Swimming Pool Liability

Many factors must be considered in determining liability for injury resulting from the use of a swimming pool.  Generally speaking, a property owner is only liable for injury upon a showing that the owner or custodian knew or,  in the exercise of reasonable care,  should have known of a vice or defect with the pool which caused the injury, that the injury could have been prevented by the exercise of reasonable care, and that the owner or custodian failed to exercise such reasonable care.  Otherwise, our courts have consistently held that a swimming pool, when properly used, is not unreasonably dangerous and that it is the primary duty of the swimmer or diver to ascertain the safety of swimming or diving.  Thus, with regard to swimming pools, the primary danger presented is the risk of drowning which is an open and obvious danger.  As such, a property owner is typically not liable for injury that results from a condition that should have been observed by the individual using the pool in the exercise of reasonable  care or which was as obvious to the visitor as it was to the property owner.  Put another way, the test to determine a property owner’s liability is whether, in the management of the property, the owner acted as a reasonable person in view of the probability of injury to others. 

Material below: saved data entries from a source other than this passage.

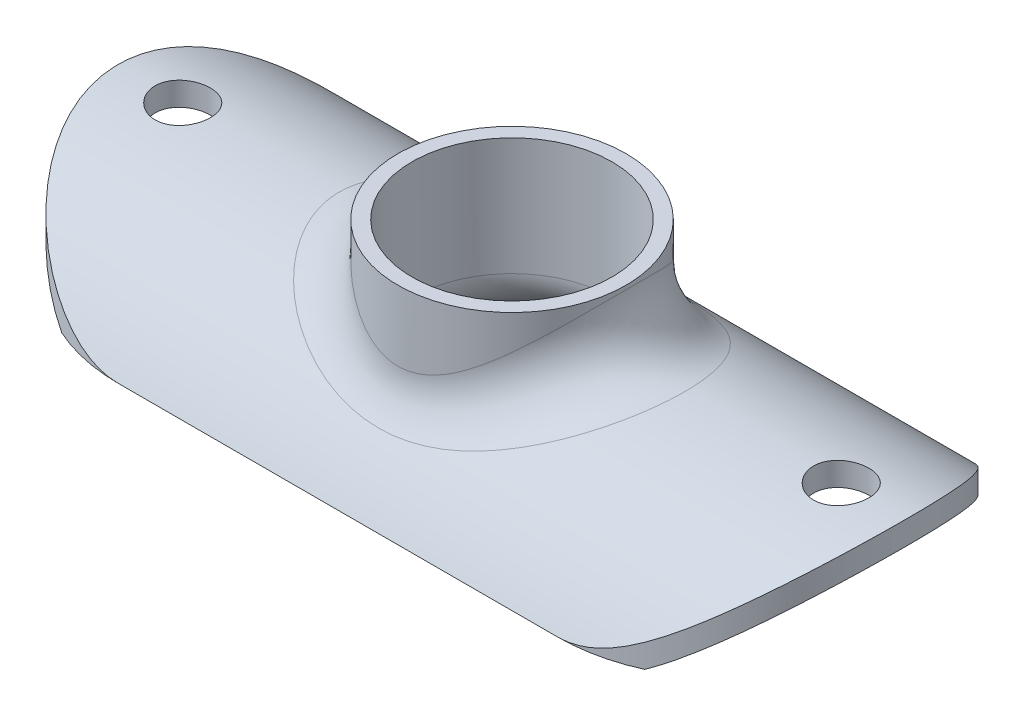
ISO-10303-21;
HEADER;
FILE_DESCRIPTION(('STEP AP214'),'2;1');
FILE_NAME('part.step','',(''),(''),'','','');
FILE_SCHEMA(('AUTOMOTIVE_DESIGN { 1 0 10303 214 1 1 1 1 }'));
ENDSEC;
DATA;
#1=APPLICATION_CONTEXT('core data for automotive mechanical design processes');
#2=APPLICATION_PROTOCOL_DEFINITION('international standard','automotive_design',2000,#1);
#3=PRODUCT_CONTEXT('',#1,'mechanical');
#4=PRODUCT('Part','Part','',(#3));
#5=PRODUCT_RELATED_PRODUCT_CATEGORY('part','',(#4));
#6=PRODUCT_DEFINITION_FORMATION('','',#4);
#7=PRODUCT_DEFINITION_CONTEXT('part definition',#1,'design');
#8=PRODUCT_DEFINITION('design','',#6,#7);
#9=PRODUCT_DEFINITION_SHAPE('','',#8);
#10=(LENGTH_UNIT() NAMED_UNIT(*) SI_UNIT(.MILLI.,.METRE.));
#11=(NAMED_UNIT(*) PLANE_ANGLE_UNIT() SI_UNIT($,.RADIAN.));
#12=(NAMED_UNIT(*) SI_UNIT($,.STERADIAN.) SOLID_ANGLE_UNIT());
#13=UNCERTAINTY_MEASURE_WITH_UNIT(LENGTH_MEASURE(1.E-05),#10,'distance_accuracy_value','');
#14=(GEOMETRIC_REPRESENTATION_CONTEXT(3) GLOBAL_UNCERTAINTY_ASSIGNED_CONTEXT((#13)) GLOBAL_UNIT_ASSIGNED_CONTEXT((#10,
#11,#12)) REPRESENTATION_CONTEXT('',''));
#15=CARTESIAN_POINT('',(0.,0.,0.));
#16=DIRECTION('',(0.,0.,1.));
#17=DIRECTION('',(1.,0.,0.));
#18=AXIS2_PLACEMENT_3D('',#15,#16,#17);
#19=CARTESIAN_POINT('',(33.5,-10.3319891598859,0.));
#20=DIRECTION('',(-1.,0.,0.));
#21=DIRECTION('',(0.,0.,1.));
#22=AXIS2_PLACEMENT_3D('',#19,#20,#21);
#23=CYLINDRICAL_SURFACE('',#22,17.);
#24=DIRECTION('',(-1.,0.,0.));
#25=VECTOR('',#24,1.);
#26=CARTESIAN_POINT('',(33.5,0.,-13.5));
#27=LINE('',#26,#25);
#28=CARTESIAN_POINT('',(9.75,0.,-13.5));
#29=VERTEX_POINT('',#28);
#30=CARTESIAN_POINT('',(-11.8122033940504,0.,-13.5));
#31=VERTEX_POINT('',#30);
#32=EDGE_CURVE('E226',#29,#31,#27,.T.);
#33=ORIENTED_EDGE('',*,*,#32,.F.);
#34=CARTESIAN_POINT('',(9.75,-10.3319891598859,0.));
#35=DIRECTION('',(-1.,0.,0.));
#36=DIRECTION('',(0.,0.,1.));
#37=AXIS2_PLACEMENT_3D('',#34,#35,#36);
#38=CIRCLE('',#37,17.);
#39=CARTESIAN_POINT('',(9.75,3.59415531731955,-9.75));
#40=VERTEX_POINT('',#39);
#41=EDGE_CURVE('E219',#40,#29,#38,.T.);
#42=ORIENTED_EDGE('',*,*,#41,.F.);
#43=DIRECTION('',(-1.,0.,0.));
#44=VECTOR('',#43,1.);
#45=CARTESIAN_POINT('',(33.5,3.59415531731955,-9.75));
#46=LINE('',#45,#44);
#47=CARTESIAN_POINT('',(-9.74999999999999,3.59415531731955,-9.75));
#48=VERTEX_POINT('',#47);
#49=EDGE_CURVE('E781',#40,#48,#46,.T.);
#50=ORIENTED_EDGE('',*,*,#49,.T.);
#51=CARTESIAN_POINT('',(-9.75,3.59415531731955,-9.75));
#52=CARTESIAN_POINT('',(-9.87454275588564,3.59415145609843,-9.7500013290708));
#53=CARTESIAN_POINT('',(-9.99906680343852,3.59582676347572,-9.74761313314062));
#54=CARTESIAN_POINT('',(-10.2478360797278,3.60249675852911,-9.73807741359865));
#55=CARTESIAN_POINT('',(-10.3720813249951,3.60749124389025,-9.73093018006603));
#56=CARTESIAN_POINT('',(-10.7437859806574,3.62738070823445,-9.70240006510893));
#57=CARTESIAN_POINT('',(-10.9904901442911,3.64718186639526,-9.67392867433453));
#58=CARTESIAN_POINT('',(-11.4778944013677,3.69886131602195,-9.59881622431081));
#59=CARTESIAN_POINT('',(-11.7186252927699,3.7306497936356,-9.5523102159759));
#60=CARTESIAN_POINT('',(-12.194342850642,3.80509330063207,-9.44178655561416));
#61=CARTESIAN_POINT('',(-12.4293285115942,3.84775021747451,-9.37776586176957));
#62=CARTESIAN_POINT('',(-12.8913790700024,3.94228060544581,-9.2332352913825));
#63=CARTESIAN_POINT('',(-13.1184673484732,3.99412349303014,-9.15277999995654));
#64=CARTESIAN_POINT('',(-13.5643864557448,4.10547565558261,-8.97610885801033));
#65=CARTESIAN_POINT('',(-13.7832174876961,4.16498474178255,-8.8798933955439));
#66=CARTESIAN_POINT('',(-14.4269893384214,4.35280344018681,-8.5682901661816));
#67=CARTESIAN_POINT('',(-14.8385985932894,4.49027204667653,-8.3301388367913));
#68=CARTESIAN_POINT('',(-15.4459353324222,4.71262396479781,-7.91755717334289));
#69=CARTESIAN_POINT('',(-15.6562706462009,4.79370840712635,-7.76188225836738));
#70=CARTESIAN_POINT('',(-16.0635128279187,4.95732779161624,-7.43439662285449));
#71=CARTESIAN_POINT('',(-16.2604188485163,5.03986282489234,-7.26258488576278));
#72=CARTESIAN_POINT('',(-16.6400055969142,5.20443242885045,-6.90352342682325));
#73=CARTESIAN_POINT('',(-16.8226795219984,5.28646674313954,-6.71626640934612));
#74=CARTESIAN_POINT('',(-17.1728045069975,5.44810677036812,-6.32715886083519));
#75=CARTESIAN_POINT('',(-17.3402604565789,5.52771325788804,-6.12531305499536));
#76=CARTESIAN_POINT('',(-17.6744293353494,5.69020638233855,-5.68760528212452));
#77=CARTESIAN_POINT('',(-17.8395161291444,5.77267004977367,-5.4503396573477));
#78=CARTESIAN_POINT('',(-18.1489274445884,5.93029111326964,-4.96029089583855));
#79=CARTESIAN_POINT('',(-18.2932502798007,6.00544791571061,-4.70750650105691));
#80=CARTESIAN_POINT('',(-18.5595258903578,6.14625356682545,-4.18806314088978));
#81=CARTESIAN_POINT('',(-18.6814920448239,6.21190809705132,-3.92141259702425));
#82=CARTESIAN_POINT('',(-18.9015970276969,6.33176496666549,-3.37597663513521));
#83=CARTESIAN_POINT('',(-18.999739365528,6.38596899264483,-3.09719301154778));
#84=CARTESIAN_POINT('',(-19.1631412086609,6.47695337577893,-2.55502609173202));
#85=CARTESIAN_POINT('',(-19.2305486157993,6.51485444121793,-2.29247756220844));
#86=CARTESIAN_POINT('',(-19.3434432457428,6.57864293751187,-1.76126570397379));
#87=CARTESIAN_POINT('',(-19.3889316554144,6.60453101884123,-1.49260270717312));
#88=CARTESIAN_POINT('',(-19.4572692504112,6.64351639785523,-0.951678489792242));
#89=CARTESIAN_POINT('',(-19.4801341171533,6.65662255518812,-0.679419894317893));
#90=CARTESIAN_POINT('',(-19.5029081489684,6.66967620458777,-0.133638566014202));
#91=CARTESIAN_POINT('',(-19.5028193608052,6.66962486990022,0.13988405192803));
#92=CARTESIAN_POINT('',(-19.4810156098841,6.65712819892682,0.654554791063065));
#93=CARTESIAN_POINT('',(-19.4617617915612,6.64609335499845,0.895846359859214));
#94=CARTESIAN_POINT('',(-19.4054863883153,6.61396555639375,1.37565049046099));
#95=CARTESIAN_POINT('',(-19.3684664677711,6.59287354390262,1.61416331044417));
#96=CARTESIAN_POINT('',(-19.277106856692,6.54112112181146,2.08678549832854));
#97=CARTESIAN_POINT('',(-19.2227667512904,6.51046048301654,2.32089476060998));
#98=CARTESIAN_POINT('',(-19.0973797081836,6.44025906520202,2.78322977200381));
#99=CARTESIAN_POINT('',(-19.0263321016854,6.40071793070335,3.01145528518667));
#100=CARTESIAN_POINT('',(-18.8675960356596,6.31323945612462,3.46260153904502));
#101=CARTESIAN_POINT('',(-18.7797727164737,6.26523433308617,3.68546156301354));
#102=CARTESIAN_POINT('',(-18.5886612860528,6.16203896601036,4.1228075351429));
#103=CARTESIAN_POINT('',(-18.4853676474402,6.10684615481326,4.3372904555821));
#104=CARTESIAN_POINT('',(-18.2641893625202,5.99039066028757,4.75681659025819));
#105=CARTESIAN_POINT('',(-18.1463071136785,5.92912897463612,4.96186134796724));
#106=CARTESIAN_POINT('',(-17.8967095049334,5.8016669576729,5.361829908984));
#107=CARTESIAN_POINT('',(-17.764989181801,5.73546485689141,5.55675004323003));
#108=CARTESIAN_POINT('',(-17.4728396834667,5.59163480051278,5.95721749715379));
#109=CARTESIAN_POINT('',(-17.3108486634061,5.51356208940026,6.16146703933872));
#110=CARTESIAN_POINT('',(-16.9716660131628,5.3545502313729,6.55573626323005));
#111=CARTESIAN_POINT('',(-16.7944732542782,5.27361087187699,6.74575488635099));
#112=CARTESIAN_POINT('',(-16.425506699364,5.11056453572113,7.11108999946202));
#113=CARTESIAN_POINT('',(-16.2337136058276,5.02845613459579,7.28638636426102));
#114=CARTESIAN_POINT('',(-15.8365455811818,4.86507552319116,7.62128226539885));
#115=CARTESIAN_POINT('',(-15.6311703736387,4.78380332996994,7.78088148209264));
#116=CARTESIAN_POINT('',(-15.1860332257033,4.61596228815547,8.09903042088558));
#117=CARTESIAN_POINT('',(-14.9448979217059,4.5296947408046,8.25582453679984));
#118=CARTESIAN_POINT('',(-14.4480432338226,4.36339520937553,8.54833314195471));
#119=CARTESIAN_POINT('',(-14.1923216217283,4.28336418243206,8.68404439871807));
#120=CARTESIAN_POINT('',(-13.6683092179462,4.13272193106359,8.9327048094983));
#121=CARTESIAN_POINT('',(-13.4000564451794,4.06208443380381,9.04571792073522));
#122=CARTESIAN_POINT('',(-12.851956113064,3.93296154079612,9.24800576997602));
#123=CARTESIAN_POINT('',(-12.5721131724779,3.87447135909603,9.3372898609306));
#124=CARTESIAN_POINT('',(-12.0834897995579,3.78687485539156,9.46900372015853));
#125=CARTESIAN_POINT('',(-11.8769865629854,3.75413628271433,9.51754361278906));
#126=CARTESIAN_POINT('',(-11.4601508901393,3.69724817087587,9.60120049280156));
#127=CARTESIAN_POINT('',(-11.2498196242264,3.67309605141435,9.63632151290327));
#128=CARTESIAN_POINT('',(-10.8253629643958,3.63401008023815,9.69289045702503));
#129=CARTESIAN_POINT('',(-10.6112236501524,3.61912410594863,9.71426738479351));
#130=CARTESIAN_POINT('',(-10.1813989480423,3.59916564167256,9.74284255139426));
#131=CARTESIAN_POINT('',(-9.96571257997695,3.59410005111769,9.75003082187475));
#132=CARTESIAN_POINT('',(-9.75,3.59415531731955,9.75));
#133=B_SPLINE_CURVE_WITH_KNOTS('',3,(#51,#52,#53,#54,#55,#56,#57,#58,#59,#60,#61,#62,#63,#64,
#65,#66,#67,#68,#69,#70,#71,#72,#73,#74,#75,#76,#77,#78,#79,#80,#81,#82,#83,#84,#85,#86,#87,#88,
#89,#90,#91,#92,#93,#94,#95,#96,#97,#98,#99,#100,#101,#102,#103,#104,#105,#106,#107,#108,#109,
#110,#111,#112,#113,#114,#115,#116,#117,#118,#119,#120,#121,#122,#123,#124,#125,#126,#127,#128,
#129,#130,#131,#132),.UNSPECIFIED.,.F.,.F.,(4,2,2,2,2,2,2,2,2,2,2,2,2,2,2,2,2,2,2,2,2,2,2,2,2,2,
2,2,2,2,2,2,2,2,2,2,2,2,2,2,4),(0.,0.373557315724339,0.747091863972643,1.49333670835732,
2.23409802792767,2.97498807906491,3.71345625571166,4.45190625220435,5.93074780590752,
6.75199052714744,7.57328501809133,8.39496969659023,9.21638942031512,10.1169528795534,
11.0175894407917,11.9176852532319,12.8176483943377,13.6375897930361,14.4574867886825,
15.2768150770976,16.0960703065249,16.8221345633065,17.5481308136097,18.274144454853,
19.0001871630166,19.7323328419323,20.4647407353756,21.1970284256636,21.9295796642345,
22.7451217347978,23.5607244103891,24.3774244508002,25.194141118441,26.0938729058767,
26.9937425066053,27.891039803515,28.7879828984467,29.4313425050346,30.0745086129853,
30.7209709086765,31.3678872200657),.UNSPECIFIED.);
#134=CARTESIAN_POINT('',(-11.8122033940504,3.74601435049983,-9.5294185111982));
#135=VERTEX_POINT('',#134);
#136=EDGE_CURVE('E369',#48,#135,#133,.T.);
#137=ORIENTED_EDGE('',*,*,#136,.T.);
#138=CARTESIAN_POINT('',(-11.8122033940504,-10.3319891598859,0.));
#139=DIRECTION('',(1.,0.,0.));
#140=DIRECTION('',(0.,0.,-1.));
#141=AXIS2_PLACEMENT_3D('',#138,#139,#140);
#142=CIRCLE('',#141,17.);
#143=EDGE_CURVE('E793',#31,#135,#142,.T.);
#144=ORIENTED_EDGE('',*,*,#143,.F.);
#145=EDGE_LOOP('',(#33,#42,#50,#137,#144));
#146=FACE_BOUND('',#145,.T.);
#147=ADVANCED_FACE('F63',(#146),#23,.F.);
#148=CARTESIAN_POINT('',(-28.,6.50480091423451,-2.35));
#149=CARTESIAN_POINT('',(-27.8686778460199,6.50480296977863,-2.34999449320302));
#150=CARTESIAN_POINT('',(-27.737276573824,6.50635393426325,-2.33895504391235));
#151=CARTESIAN_POINT('',(-27.4781395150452,6.51238693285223,-2.29509589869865));
#152=CARTESIAN_POINT('',(-27.350407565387,6.51687192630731,-2.26225421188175));
#153=CARTESIAN_POINT('',(-27.1023980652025,6.52825550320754,-2.17578472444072));
#154=CARTESIAN_POINT('',(-26.9821151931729,6.53515233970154,-2.12217196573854));
#155=CARTESIAN_POINT('',(-26.7522728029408,6.55058041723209,-1.99571611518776));
#156=CARTESIAN_POINT('',(-26.6427116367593,6.55911140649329,-1.92287598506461));
#157=CARTESIAN_POINT('',(-26.4366561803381,6.57691163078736,-1.75950208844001));
#158=CARTESIAN_POINT('',(-26.340245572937,6.58618504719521,-1.66886322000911));
#159=CARTESIAN_POINT('',(-26.1639520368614,6.60438779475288,-1.47269143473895));
#160=CARTESIAN_POINT('',(-26.0840699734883,6.61331710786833,-1.3671577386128));
#161=CARTESIAN_POINT('',(-25.9427962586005,6.6298688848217,-1.14366052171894));
#162=CARTESIAN_POINT('',(-25.8814810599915,6.63748589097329,-1.02564823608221));
#163=CARTESIAN_POINT('',(-25.7795717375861,6.65050867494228,-0.780878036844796));
#164=CARTESIAN_POINT('',(-25.7389766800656,6.65591455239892,-0.65412051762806));
#165=CARTESIAN_POINT('',(-25.6799119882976,6.66387650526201,-0.396317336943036));
#166=CARTESIAN_POINT('',(-25.6613026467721,6.66645056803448,-0.265304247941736));
#167=CARTESIAN_POINT('',(-25.6463042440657,6.66852040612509,-0.00199129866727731));
#168=CARTESIAN_POINT('',(-25.6499141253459,6.66801632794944,0.13030850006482));
#169=CARTESIAN_POINT('',(-25.6791406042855,6.6640011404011,0.391487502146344));
#170=CARTESIAN_POINT('',(-25.7046069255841,6.66051056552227,0.520383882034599));
#171=CARTESIAN_POINT('',(-25.7765879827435,6.65093752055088,0.772055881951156));
#172=CARTESIAN_POINT('',(-25.8231031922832,6.64485499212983,0.894831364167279));
#173=CARTESIAN_POINT('',(-25.9360184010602,6.63074608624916,1.13123638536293));
#174=CARTESIAN_POINT('',(-26.0024825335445,6.62271345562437,1.24483490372));
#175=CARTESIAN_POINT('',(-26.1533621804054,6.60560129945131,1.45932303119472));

Accordingly, it follows that an owner of a swimming pool should take the necessary precautions to fence off the pool to prevent inadvertent access, clearly mark the depths of the pool, provide adequate lighting both inside the pool and outside of the pool area and provide adequate supervision.  It would also be prudent to install signage indicating “No Trespassing” and that anyone entering the swimming pool “Swims at own risk”.  These are all precautions that a reasonable person would take to prevent injury to others.